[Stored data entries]
"""

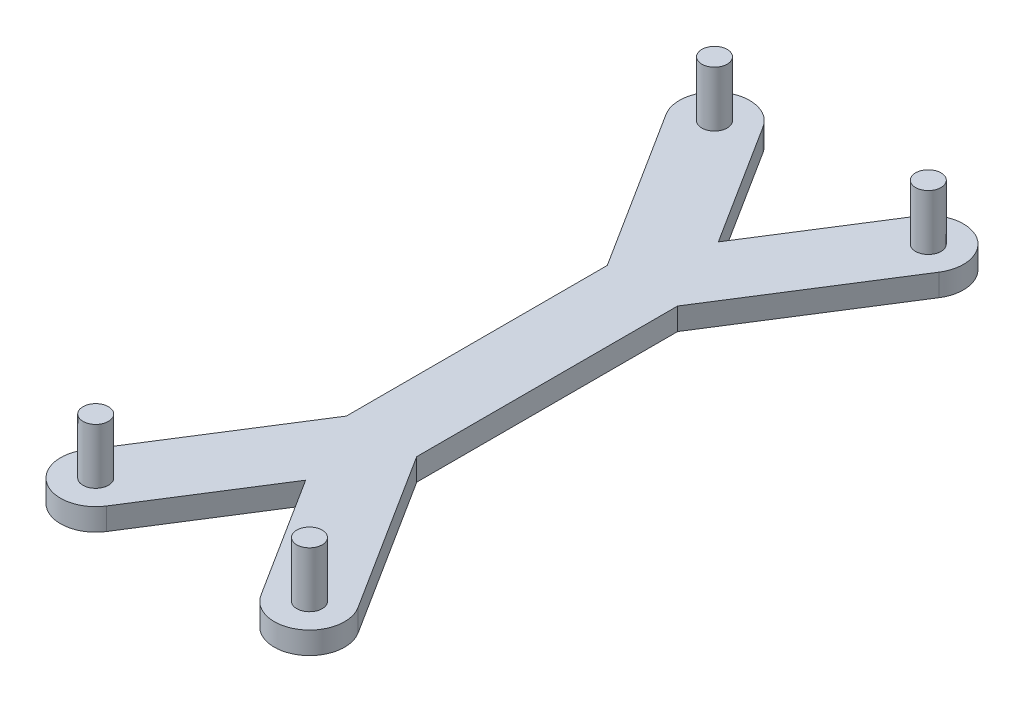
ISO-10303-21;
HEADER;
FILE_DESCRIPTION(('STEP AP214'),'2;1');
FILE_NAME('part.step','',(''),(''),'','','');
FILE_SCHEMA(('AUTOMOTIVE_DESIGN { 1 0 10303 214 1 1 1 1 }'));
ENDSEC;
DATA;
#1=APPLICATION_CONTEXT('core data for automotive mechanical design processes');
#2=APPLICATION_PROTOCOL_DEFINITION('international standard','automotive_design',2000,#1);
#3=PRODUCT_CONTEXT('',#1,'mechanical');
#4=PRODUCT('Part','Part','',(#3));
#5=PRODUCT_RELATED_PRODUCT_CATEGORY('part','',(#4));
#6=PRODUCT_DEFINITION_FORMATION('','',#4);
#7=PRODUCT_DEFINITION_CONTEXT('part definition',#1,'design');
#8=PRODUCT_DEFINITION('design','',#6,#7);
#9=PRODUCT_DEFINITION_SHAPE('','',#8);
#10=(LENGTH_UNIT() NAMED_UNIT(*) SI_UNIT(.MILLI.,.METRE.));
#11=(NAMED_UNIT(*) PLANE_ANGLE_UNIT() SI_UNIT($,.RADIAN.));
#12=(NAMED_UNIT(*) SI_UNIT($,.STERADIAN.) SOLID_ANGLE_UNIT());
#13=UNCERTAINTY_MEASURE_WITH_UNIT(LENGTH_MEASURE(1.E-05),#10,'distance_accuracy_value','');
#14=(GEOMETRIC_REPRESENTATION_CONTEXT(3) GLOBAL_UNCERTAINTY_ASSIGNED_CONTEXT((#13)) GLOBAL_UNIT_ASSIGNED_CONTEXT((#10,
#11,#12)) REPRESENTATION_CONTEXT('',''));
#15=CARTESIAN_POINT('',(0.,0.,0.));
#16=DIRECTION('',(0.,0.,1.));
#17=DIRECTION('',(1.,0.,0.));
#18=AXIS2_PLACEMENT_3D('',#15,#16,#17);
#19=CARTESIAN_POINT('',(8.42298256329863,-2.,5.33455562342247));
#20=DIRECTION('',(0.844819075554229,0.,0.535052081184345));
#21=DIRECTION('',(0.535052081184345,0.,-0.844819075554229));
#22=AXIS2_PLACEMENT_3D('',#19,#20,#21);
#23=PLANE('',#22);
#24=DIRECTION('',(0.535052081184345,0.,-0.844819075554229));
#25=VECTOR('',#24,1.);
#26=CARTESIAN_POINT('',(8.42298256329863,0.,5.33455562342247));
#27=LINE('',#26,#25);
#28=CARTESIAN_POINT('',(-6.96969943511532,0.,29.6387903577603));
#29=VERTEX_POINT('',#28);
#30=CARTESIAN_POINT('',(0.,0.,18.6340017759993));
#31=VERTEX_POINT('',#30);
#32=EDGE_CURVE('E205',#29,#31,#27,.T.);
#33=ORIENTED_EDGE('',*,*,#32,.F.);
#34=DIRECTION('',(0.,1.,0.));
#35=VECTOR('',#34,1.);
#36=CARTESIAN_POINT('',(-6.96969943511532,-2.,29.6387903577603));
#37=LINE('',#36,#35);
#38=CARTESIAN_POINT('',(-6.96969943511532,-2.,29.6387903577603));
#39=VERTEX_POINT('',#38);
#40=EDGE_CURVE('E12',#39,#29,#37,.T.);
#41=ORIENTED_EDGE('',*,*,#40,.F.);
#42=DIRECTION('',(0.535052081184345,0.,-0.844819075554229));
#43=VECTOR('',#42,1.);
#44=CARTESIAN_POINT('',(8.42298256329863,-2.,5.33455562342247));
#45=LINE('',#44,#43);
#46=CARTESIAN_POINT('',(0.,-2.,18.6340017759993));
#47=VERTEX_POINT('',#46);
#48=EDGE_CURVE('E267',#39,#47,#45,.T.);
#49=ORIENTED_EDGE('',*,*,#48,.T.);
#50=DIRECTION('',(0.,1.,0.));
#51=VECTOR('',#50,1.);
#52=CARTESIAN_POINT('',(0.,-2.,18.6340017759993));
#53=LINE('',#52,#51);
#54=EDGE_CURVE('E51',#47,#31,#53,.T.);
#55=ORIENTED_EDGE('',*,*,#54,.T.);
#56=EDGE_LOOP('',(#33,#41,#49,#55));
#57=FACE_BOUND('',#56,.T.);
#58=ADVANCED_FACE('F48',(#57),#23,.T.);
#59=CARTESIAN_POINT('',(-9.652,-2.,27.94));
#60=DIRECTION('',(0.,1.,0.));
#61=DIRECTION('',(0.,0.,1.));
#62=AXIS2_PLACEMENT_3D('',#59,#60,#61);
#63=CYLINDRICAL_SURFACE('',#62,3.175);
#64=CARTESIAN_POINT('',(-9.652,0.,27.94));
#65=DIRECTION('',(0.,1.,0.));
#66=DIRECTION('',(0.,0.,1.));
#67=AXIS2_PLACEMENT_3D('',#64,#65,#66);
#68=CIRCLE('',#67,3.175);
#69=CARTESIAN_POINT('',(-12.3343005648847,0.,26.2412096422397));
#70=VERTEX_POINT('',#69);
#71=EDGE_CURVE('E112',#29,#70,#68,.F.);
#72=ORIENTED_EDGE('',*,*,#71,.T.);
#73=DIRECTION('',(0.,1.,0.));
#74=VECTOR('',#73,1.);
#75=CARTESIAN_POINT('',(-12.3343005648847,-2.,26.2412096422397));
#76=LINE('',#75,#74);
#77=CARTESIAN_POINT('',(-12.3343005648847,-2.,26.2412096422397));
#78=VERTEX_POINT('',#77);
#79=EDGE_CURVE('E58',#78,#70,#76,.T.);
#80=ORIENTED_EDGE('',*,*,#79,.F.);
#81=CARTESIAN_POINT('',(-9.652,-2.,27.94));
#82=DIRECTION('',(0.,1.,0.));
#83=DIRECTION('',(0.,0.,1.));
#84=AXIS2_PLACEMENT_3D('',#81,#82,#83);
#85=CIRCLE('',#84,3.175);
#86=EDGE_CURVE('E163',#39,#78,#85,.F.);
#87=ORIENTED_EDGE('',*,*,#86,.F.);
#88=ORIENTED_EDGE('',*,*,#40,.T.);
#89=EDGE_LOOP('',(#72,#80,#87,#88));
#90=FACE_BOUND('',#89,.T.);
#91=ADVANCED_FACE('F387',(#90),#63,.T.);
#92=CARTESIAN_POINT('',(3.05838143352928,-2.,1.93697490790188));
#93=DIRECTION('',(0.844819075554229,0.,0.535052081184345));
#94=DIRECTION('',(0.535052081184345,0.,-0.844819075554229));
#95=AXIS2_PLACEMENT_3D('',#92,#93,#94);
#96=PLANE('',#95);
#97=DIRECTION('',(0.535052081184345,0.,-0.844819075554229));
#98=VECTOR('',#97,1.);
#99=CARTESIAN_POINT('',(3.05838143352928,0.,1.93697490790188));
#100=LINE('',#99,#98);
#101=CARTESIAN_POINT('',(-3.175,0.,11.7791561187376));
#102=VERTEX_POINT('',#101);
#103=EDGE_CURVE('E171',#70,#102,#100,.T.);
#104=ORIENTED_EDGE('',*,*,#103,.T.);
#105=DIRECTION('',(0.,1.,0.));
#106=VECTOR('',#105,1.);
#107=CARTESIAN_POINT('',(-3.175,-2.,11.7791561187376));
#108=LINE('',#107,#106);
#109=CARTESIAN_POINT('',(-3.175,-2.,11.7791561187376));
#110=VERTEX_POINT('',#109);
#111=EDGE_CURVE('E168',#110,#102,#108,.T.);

"""

- What you have to do: Working from the records above, write out verbatim only the lines from the line containing "#46=CARTESIAN_POINT('',(0.,-2.,18.6340017759993));" through the line containing "#80=ORIENTED_EDGE('',*,*,#79,.F.);".

- Written solution:
#46=CARTESIAN_POINT('',(0.,-2.,18.6340017759993));
#47=VERTEX_POINT('',#46);
#48=EDGE_CURVE('E267',#39,#47,#45,.T.);
#49=ORIENTED_EDGE('',*,*,#48,.T.);
#50=DIRECTION('',(0.,1.,0.));
#51=VECTOR('',#50,1.);
#52=CARTESIAN_POINT('',(0.,-2.,18.6340017759993));
#53=LINE('',#52,#51);
#54=EDGE_CURVE('E51',#47,#31,#53,.T.);
#55=ORIENTED_EDGE('',*,*,#54,.T.);
#56=EDGE_LOOP('',(#33,#41,#49,#55));
#57=FACE_BOUND('',#56,.T.);
#58=ADVANCED_FACE('F48',(#57),#23,.T.);
#59=CARTESIAN_POINT('',(-9.652,-2.,27.94));
#60=DIRECTION('',(0.,1.,0.));
#61=DIRECTION('',(0.,0.,1.));
#62=AXIS2_PLACEMENT_3D('',#59,#60,#61);
#63=CYLINDRICAL_SURFACE('',#62,3.175);
#64=CARTESIAN_POINT('',(-9.652,0.,27.94));
#65=DIRECTION('',(0.,1.,0.));
#66=DIRECTION('',(0.,0.,1.));
#67=AXIS2_PLACEMENT_3D('',#64,#65,#66);
#68=CIRCLE('',#67,3.175);
#69=CARTESIAN_POINT('',(-12.3343005648847,0.,26.2412096422397));
#70=VERTEX_POINT('',#69);
#71=EDGE_CURVE('E112',#29,#70,#68,.F.);
#72=ORIENTED_EDGE('',*,*,#71,.T.);
#73=DIRECTION('',(0.,1.,0.));
#74=VECTOR('',#73,1.);
#75=CARTESIAN_POINT('',(-12.3343005648847,-2.,26.2412096422397));
#76=LINE('',#75,#74);
#77=CARTESIAN_POINT('',(-12.3343005648847,-2.,26.2412096422397));
#78=VERTEX_POINT('',#77);
#79=EDGE_CURVE('E58',#78,#70,#76,.T.);
#80=ORIENTED_EDGE('',*,*,#79,.F.);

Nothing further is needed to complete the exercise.